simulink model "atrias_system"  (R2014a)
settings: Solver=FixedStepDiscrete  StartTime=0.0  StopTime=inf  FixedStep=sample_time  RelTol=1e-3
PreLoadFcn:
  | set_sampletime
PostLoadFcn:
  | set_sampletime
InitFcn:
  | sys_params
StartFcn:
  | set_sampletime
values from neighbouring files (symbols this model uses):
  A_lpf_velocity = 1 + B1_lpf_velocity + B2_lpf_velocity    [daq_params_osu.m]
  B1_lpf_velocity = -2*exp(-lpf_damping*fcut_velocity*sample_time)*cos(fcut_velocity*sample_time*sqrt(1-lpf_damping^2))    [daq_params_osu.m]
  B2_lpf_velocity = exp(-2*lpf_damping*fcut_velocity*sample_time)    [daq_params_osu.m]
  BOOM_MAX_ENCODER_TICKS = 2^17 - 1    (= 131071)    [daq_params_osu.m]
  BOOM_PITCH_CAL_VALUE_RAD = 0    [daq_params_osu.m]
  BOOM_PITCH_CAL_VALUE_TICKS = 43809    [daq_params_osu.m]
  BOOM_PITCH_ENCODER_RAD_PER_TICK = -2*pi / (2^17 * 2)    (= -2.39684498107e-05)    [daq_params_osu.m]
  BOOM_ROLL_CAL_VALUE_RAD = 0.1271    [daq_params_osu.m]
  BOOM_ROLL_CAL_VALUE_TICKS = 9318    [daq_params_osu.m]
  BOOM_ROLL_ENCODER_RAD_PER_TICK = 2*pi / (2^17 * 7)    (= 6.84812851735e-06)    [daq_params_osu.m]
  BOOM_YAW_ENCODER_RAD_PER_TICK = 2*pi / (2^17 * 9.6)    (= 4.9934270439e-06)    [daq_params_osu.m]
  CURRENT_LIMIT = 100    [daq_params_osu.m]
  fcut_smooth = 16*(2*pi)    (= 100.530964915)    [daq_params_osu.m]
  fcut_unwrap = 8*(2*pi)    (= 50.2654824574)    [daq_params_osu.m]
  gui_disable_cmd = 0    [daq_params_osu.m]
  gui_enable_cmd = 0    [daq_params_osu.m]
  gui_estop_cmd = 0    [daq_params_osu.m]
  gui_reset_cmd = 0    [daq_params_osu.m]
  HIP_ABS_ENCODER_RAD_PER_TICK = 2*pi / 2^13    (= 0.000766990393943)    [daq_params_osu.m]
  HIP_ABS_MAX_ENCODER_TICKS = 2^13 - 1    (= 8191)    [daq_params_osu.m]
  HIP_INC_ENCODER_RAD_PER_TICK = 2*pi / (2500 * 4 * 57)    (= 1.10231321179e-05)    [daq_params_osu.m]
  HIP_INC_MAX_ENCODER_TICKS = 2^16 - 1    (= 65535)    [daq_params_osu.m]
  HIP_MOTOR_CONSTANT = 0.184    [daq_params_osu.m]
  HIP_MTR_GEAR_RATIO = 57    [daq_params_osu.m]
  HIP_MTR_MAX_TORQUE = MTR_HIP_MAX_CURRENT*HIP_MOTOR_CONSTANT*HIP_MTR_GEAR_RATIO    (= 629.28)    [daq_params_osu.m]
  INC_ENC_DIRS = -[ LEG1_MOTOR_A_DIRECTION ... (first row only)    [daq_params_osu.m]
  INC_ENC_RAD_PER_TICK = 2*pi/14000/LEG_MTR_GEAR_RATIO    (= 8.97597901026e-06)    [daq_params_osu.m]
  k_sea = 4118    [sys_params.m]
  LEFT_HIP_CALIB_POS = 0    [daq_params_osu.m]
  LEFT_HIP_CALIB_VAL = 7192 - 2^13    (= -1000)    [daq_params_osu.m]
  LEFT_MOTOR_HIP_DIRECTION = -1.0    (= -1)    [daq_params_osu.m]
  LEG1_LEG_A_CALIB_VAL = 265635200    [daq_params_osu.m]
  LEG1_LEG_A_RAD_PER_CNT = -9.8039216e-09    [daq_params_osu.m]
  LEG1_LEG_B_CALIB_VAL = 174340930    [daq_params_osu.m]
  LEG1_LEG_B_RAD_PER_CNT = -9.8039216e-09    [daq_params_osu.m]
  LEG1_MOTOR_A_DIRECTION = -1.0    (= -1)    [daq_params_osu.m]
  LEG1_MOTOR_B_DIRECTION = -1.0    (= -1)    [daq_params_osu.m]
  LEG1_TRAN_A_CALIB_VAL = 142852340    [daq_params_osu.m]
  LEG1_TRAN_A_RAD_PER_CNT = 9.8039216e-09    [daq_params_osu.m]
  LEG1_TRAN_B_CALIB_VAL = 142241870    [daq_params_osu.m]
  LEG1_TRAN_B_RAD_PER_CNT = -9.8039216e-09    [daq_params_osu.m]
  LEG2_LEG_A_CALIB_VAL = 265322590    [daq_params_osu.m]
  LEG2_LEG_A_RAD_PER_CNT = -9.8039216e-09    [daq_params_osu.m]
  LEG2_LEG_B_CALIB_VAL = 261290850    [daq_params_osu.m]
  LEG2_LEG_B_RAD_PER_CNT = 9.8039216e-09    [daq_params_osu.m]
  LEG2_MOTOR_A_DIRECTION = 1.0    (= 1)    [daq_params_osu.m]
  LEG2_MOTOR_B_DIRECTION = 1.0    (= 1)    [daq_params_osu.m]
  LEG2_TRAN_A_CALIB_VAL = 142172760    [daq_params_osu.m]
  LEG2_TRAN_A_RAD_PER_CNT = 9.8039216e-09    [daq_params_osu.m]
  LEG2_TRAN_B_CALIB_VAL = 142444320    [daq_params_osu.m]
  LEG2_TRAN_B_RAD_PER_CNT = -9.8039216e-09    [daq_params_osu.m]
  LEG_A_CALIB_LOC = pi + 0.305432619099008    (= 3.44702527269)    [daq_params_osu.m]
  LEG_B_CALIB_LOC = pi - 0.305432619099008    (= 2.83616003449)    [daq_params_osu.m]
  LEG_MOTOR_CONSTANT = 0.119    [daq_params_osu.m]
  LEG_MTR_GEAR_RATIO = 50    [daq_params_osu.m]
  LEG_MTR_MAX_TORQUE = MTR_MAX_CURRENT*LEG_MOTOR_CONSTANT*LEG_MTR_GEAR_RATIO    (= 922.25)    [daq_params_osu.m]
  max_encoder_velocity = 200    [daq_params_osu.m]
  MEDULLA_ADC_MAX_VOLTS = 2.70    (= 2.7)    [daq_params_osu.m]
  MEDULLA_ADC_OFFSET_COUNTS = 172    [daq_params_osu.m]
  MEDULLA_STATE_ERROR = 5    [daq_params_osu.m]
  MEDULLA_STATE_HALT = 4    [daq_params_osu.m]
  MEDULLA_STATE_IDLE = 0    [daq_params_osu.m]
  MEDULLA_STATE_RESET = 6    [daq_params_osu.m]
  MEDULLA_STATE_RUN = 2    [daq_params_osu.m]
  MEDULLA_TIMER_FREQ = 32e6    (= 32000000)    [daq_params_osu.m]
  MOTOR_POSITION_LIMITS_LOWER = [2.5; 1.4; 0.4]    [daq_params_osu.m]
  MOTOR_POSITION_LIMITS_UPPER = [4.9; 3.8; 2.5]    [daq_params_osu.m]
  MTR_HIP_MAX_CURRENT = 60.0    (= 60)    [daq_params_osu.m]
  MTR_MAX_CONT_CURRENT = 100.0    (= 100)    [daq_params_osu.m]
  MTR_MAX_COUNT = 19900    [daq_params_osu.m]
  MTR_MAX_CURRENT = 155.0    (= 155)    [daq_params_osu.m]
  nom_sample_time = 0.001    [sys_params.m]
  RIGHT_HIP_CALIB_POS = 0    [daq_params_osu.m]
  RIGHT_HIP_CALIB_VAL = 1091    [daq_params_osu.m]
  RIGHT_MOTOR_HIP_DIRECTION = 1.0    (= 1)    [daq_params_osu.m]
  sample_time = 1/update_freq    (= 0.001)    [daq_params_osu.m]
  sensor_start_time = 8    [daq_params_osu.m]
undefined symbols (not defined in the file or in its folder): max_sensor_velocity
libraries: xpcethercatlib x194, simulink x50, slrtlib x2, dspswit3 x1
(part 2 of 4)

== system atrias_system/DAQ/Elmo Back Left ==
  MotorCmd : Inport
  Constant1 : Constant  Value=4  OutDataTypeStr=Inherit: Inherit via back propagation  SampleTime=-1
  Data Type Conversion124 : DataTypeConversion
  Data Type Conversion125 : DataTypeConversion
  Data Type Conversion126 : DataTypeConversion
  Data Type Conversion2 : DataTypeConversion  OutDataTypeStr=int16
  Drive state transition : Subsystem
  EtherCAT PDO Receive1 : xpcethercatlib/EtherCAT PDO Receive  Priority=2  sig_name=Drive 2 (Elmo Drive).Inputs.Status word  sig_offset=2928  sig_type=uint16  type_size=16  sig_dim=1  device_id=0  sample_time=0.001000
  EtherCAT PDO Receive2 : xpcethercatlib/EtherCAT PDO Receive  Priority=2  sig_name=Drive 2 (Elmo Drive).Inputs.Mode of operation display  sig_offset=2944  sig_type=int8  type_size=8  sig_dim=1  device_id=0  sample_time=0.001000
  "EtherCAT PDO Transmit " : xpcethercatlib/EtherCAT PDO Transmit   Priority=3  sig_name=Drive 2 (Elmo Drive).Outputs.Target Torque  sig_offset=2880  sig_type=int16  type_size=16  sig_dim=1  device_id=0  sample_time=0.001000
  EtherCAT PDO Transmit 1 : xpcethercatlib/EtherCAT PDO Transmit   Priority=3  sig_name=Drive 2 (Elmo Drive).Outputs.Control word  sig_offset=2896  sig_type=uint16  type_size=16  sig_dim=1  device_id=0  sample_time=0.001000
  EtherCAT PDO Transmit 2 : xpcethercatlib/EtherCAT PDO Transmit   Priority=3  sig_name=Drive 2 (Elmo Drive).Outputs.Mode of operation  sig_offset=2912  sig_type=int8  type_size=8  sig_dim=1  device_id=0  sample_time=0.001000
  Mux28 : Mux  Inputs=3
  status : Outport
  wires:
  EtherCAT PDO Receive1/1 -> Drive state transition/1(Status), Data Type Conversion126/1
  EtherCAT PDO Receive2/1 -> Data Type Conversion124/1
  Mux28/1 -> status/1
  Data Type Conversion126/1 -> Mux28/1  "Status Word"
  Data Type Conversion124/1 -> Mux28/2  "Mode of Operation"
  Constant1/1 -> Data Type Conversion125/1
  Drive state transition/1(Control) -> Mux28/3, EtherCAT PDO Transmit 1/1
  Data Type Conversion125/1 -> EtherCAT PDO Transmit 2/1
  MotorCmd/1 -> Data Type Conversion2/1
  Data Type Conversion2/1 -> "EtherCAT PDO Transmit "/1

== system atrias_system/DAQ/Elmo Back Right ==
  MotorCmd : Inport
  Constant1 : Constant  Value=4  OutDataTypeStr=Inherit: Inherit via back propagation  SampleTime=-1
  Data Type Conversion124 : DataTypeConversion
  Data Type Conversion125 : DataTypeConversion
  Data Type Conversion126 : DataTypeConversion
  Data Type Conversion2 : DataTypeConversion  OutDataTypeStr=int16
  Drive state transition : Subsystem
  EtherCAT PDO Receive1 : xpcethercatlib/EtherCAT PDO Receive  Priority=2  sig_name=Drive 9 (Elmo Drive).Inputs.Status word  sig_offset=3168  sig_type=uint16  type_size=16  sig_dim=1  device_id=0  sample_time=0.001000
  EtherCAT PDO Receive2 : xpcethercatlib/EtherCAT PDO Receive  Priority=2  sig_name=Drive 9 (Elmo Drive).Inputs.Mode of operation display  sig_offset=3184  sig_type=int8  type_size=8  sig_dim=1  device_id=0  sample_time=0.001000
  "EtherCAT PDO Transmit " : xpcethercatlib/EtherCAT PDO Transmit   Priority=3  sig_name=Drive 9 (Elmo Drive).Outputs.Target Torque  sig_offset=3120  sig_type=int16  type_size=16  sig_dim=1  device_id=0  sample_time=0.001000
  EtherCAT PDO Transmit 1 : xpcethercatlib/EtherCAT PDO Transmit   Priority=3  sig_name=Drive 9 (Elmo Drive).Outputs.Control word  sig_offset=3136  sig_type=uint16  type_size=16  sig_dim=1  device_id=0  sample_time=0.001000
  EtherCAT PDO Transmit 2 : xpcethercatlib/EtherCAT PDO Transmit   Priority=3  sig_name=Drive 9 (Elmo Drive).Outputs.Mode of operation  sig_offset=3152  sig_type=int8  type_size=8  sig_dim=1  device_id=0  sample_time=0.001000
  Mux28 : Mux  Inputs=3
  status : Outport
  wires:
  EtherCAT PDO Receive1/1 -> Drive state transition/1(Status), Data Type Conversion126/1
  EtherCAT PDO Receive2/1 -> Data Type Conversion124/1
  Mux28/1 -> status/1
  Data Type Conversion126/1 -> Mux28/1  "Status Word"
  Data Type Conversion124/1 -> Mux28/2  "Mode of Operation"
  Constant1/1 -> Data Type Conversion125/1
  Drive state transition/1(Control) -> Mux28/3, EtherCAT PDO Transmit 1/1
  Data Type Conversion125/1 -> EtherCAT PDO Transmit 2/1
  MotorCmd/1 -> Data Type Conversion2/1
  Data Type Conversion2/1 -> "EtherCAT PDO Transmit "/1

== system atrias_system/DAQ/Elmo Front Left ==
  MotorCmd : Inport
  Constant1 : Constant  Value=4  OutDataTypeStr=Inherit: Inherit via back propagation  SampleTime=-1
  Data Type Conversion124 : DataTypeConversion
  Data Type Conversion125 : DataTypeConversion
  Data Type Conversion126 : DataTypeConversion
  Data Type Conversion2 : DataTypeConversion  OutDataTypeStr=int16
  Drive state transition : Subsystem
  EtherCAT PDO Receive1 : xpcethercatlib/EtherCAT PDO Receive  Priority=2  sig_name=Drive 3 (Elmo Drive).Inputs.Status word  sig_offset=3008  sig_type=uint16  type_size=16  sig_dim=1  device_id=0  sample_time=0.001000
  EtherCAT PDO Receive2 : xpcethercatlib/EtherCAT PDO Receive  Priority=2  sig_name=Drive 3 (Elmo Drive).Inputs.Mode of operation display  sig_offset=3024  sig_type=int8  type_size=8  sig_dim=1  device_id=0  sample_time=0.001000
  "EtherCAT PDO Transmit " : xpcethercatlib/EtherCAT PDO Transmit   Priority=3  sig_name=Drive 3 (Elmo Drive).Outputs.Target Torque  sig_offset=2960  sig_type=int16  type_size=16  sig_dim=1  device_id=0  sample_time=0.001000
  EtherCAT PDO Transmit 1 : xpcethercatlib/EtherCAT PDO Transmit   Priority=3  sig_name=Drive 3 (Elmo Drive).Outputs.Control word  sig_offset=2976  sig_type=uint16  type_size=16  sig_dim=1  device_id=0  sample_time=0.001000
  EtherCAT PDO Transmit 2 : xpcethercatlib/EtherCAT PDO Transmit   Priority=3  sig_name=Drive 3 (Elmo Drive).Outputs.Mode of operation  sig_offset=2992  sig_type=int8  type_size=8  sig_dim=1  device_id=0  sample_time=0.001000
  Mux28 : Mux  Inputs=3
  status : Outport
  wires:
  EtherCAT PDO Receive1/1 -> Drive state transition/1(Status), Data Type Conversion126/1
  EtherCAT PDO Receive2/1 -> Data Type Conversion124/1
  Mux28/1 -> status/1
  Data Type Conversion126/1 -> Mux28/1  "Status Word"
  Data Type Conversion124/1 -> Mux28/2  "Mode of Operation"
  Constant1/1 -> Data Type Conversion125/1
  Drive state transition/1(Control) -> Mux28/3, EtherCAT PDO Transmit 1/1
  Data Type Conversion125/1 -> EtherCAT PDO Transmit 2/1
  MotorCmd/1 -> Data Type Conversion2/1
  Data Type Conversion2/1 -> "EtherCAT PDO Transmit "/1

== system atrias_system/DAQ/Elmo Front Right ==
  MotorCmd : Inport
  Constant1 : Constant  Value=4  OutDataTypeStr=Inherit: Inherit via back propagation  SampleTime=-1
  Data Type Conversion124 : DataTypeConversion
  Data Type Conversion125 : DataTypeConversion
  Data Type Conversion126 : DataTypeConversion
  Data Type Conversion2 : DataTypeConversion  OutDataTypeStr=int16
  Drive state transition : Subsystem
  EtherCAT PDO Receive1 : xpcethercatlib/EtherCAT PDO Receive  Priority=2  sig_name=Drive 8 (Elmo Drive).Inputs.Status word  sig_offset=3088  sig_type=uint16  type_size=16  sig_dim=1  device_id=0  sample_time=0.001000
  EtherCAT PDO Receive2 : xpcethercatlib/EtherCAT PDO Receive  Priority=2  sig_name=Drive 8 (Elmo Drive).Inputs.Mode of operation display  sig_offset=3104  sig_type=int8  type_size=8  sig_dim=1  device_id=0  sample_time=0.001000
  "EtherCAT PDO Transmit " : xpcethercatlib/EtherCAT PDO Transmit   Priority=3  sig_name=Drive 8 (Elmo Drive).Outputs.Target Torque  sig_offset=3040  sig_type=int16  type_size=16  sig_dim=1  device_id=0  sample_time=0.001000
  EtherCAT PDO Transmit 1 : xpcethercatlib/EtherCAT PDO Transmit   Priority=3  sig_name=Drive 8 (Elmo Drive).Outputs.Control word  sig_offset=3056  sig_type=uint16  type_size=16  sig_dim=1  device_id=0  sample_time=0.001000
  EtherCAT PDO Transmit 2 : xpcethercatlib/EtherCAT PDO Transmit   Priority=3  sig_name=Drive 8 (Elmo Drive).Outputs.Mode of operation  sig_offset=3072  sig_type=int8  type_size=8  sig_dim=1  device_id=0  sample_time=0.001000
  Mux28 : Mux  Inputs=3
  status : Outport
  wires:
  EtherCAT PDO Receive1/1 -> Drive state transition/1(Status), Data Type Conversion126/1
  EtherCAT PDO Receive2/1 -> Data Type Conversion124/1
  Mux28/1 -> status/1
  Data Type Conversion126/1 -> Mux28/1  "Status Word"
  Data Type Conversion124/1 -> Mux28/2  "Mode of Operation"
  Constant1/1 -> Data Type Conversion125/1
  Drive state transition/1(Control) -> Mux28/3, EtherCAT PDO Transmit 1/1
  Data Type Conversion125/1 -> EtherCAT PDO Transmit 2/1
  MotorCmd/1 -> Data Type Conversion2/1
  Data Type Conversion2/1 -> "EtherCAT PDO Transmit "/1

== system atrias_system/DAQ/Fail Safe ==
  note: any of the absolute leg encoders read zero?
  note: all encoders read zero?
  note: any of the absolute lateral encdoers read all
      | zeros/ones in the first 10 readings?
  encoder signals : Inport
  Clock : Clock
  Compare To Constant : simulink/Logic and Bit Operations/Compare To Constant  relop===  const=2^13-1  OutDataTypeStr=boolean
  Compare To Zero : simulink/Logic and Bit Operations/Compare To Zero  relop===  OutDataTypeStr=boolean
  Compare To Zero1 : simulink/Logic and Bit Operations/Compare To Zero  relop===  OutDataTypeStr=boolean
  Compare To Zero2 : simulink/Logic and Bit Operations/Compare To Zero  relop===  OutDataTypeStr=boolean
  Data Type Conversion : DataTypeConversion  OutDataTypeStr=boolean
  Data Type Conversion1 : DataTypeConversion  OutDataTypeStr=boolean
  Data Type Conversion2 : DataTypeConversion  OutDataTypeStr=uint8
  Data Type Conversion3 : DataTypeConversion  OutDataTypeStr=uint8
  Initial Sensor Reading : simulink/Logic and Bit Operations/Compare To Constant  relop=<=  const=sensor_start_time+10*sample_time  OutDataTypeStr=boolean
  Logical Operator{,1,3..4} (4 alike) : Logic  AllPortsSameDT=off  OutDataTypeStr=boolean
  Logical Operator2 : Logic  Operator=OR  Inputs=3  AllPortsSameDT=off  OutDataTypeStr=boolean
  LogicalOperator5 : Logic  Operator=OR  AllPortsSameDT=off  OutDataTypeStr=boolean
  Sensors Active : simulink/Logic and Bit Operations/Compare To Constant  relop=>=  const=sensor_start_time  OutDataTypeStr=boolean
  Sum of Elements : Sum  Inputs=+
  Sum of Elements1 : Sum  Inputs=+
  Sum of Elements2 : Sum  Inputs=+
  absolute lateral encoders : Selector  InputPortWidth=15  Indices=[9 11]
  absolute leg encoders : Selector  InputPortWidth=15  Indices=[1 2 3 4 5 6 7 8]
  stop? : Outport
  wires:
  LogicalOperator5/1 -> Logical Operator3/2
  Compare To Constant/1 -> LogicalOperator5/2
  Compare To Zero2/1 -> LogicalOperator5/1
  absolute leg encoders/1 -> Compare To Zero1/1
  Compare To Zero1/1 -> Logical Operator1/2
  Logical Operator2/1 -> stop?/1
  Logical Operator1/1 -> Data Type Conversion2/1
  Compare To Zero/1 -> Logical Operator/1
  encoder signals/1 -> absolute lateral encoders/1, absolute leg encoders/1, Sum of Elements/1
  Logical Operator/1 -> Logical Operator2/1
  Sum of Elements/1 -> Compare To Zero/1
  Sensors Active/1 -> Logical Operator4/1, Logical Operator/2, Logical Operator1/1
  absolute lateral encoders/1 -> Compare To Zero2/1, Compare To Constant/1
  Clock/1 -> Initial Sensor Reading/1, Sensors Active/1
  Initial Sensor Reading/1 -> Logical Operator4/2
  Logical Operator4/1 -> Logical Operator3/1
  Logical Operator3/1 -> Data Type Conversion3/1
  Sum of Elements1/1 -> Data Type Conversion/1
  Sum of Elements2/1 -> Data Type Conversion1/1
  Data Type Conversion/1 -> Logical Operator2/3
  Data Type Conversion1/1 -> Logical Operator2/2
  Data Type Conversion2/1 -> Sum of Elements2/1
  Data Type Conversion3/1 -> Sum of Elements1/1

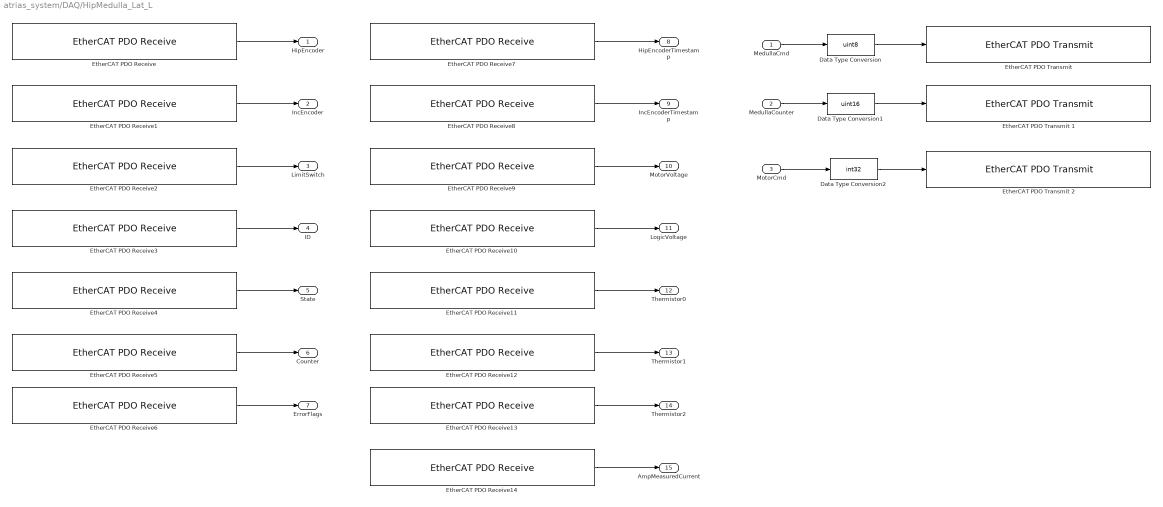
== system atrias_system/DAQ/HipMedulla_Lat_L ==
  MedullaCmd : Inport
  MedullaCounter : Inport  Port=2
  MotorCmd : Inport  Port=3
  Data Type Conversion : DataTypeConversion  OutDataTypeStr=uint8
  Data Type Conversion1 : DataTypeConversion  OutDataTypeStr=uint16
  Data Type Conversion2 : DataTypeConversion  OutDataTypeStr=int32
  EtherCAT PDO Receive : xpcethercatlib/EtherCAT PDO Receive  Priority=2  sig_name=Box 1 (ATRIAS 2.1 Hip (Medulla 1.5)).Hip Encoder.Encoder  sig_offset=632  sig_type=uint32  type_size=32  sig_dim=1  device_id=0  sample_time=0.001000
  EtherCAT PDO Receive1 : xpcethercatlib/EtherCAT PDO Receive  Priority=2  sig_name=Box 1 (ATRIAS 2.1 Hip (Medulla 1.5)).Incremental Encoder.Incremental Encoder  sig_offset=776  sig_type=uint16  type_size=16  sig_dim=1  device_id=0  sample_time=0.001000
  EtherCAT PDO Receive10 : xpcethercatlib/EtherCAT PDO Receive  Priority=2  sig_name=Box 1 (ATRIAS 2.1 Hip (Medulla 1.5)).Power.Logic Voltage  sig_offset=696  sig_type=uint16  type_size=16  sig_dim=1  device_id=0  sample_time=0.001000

* _Your task_
Your output should be the listing's lines, exact and complete, from its first line to the line that contains "A_lpf_velocity = 1", inclusive.

* _Result below_
simulink model "atrias_system"  (R2014a)
settings: Solver=FixedStepDiscrete  StartTime=0.0  StopTime=inf  FixedStep=sample_time  RelTol=1e-3
PreLoadFcn:
  | set_sampletime
PostLoadFcn:
  | set_sampletime
InitFcn:
  | sys_params
StartFcn:
  | set_sampletime
values from neighbouring files (symbols this model uses):
  A_lpf_velocity = 1 + B1_lpf_velocity + B2_lpf_velocity    [daq_params_osu.m]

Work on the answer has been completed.